Step-by-Step Explanation

  1. Triggers
    • schedule (every 6 hours) and workflow_dispatch (manual) let you control when syncs run.
  2. appleboy/scp-action
    • We specify rsync: true to use rsync instead of plain scp.
    • source is /remote/path/ (on the remote server).
    • target is ./synced_data/ (in the local repository).
    • args: "--delete" will remove local files that no longer exist remotely, mirroring the remote folder exactly.
  3. Git Configuration & Check
    • We configure the commit name/email for the automated commits.
    • If no changes are detected, we exit early.
  4. Commit, Push, and PR

5. Usage Tips & Customization

  1. Filtering / Excluding Files
    • If needed, you can add more args for rsync, such as --exclude "somefile" or --exclude "*.log".
    • Example:
      yaml
      args: "--delete --exclude '*.log' --exclude 'node_modules'"
  2. Large File Handling
    • Consider Git LFS for storing large files.
  3. Branch Reuse
    • If you don’t want a new branch each run, hardcode a branch like sync-updates and configure the PR action to reuse that branch. You’ll avoid multiple open PRs.
  4. SSH Security
    • By default, appleboy/scp-action sets StrictHostKeyChecking=no.
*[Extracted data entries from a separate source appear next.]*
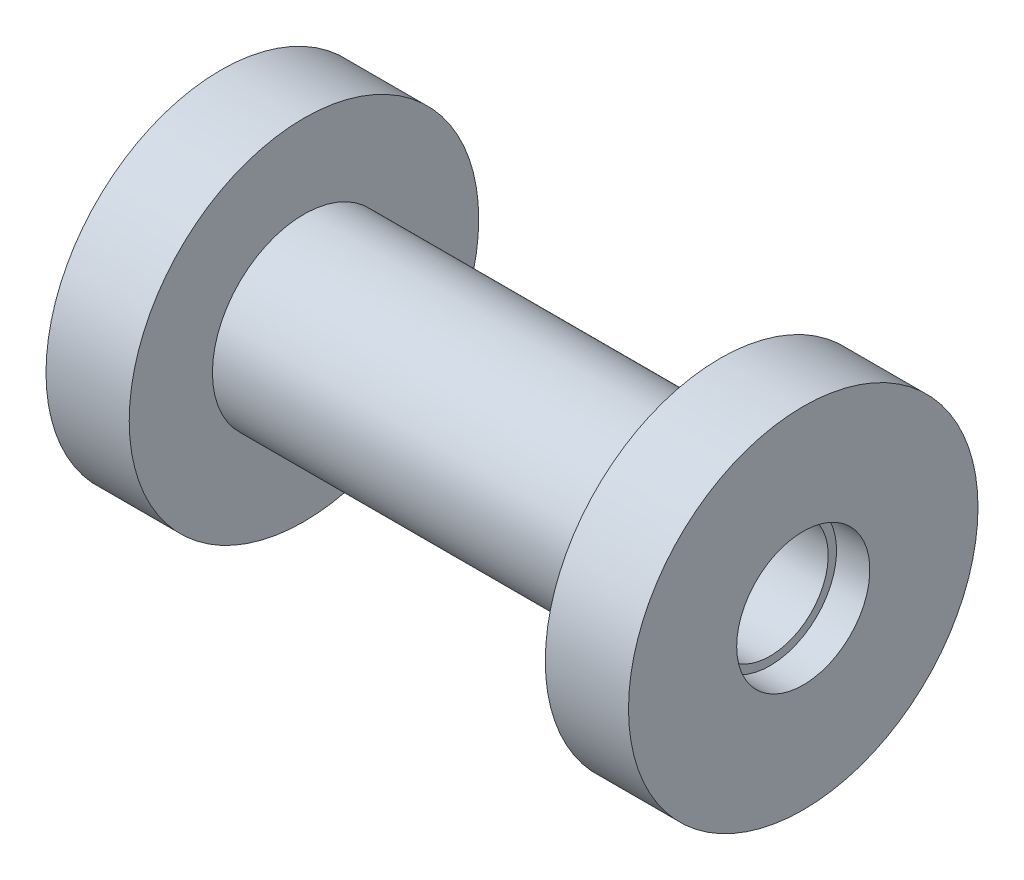
SolidWorks part; units mm, degrees
ref_plane "前视基准面" through (0, 0, 0) normal (0, 0, 1) x (1, 0, 0)
ref_plane "上视基准面" through (0, 0, 0) normal (0, 1, 0) x (1, 0, 0)
ref_plane "右视基准面" through (0, 0, 0) normal (1, 0, 0) x (0, 0, -1)
sketch "草图1" plane through (0, 0, 0) normal (0, 1, 0) x (1, 0, 0)
  line L0 (-74.5155, 0) -> (49.4898, 0) construction
  line L1 (0, 69.6029) -> (0, -37.5757) construction
  line L2 (0, 8) -> (0, 21)
  line L3 (0, 21) -> (10, 21)
  line L4 (10, 21) -> (10, 11)
  line L5 (10, 11) -> (60, 11)
  line L6 (60, 11) -> (60, 21)
  line L7 (60, 21) -> (70, 21)
  line L8 (70, 21) -> (70, 8)
  line L9 (0, 8) -> (4, 8)
  line L10 (4, 8) -> (4, 7)
  line L11 (4, 7) -> (66, 7)
  line L12 (66, 7) -> (66, 8)
  line L13 (66, 8) -> (70, 8)
  point P2 (0, 8)
revolve "旋转1" add sketch "草图1" angle 360 about L0

For stricter verification, you could supply your remote’s known hosts in a separate step or as an action input.
  5. Schedule Adjustments
    • Modify the cron: '0 */6 * * *' expression for different intervals. For example, '0 3 * * *' runs daily at 3 AM (UTC).

6. Testing & Verification

  1. Manual Run
    • Go to your repository’s Actions tab, select “Sync Data from Remote via Rsync,” and click “Run workflow”.
  2. Check the Logs
    • Confirm that the appleboy/scp-action step successfully connected via SSH and copied the files.
  3. Pull Request
    • After the run, a new Pull Request should appear in the repository, containing the synced changes.
  4. Merge or Close
    • Review the changes. If everything is correct, merge the PR. If not, close or make adjustments as needed.

7. Conclusion

Using appleboy/scp-action with rsync provides a clean, secure, and automated way to pull data from a remote server into your GitHub repository. With scheduled triggers, all updates come in as Pull Requests—giving you a clear audit trail and an easy way to review or revert changes.

For further customization or troubleshooting, consult the official appleboy/scp-action documentation or reach out to your DevOps team.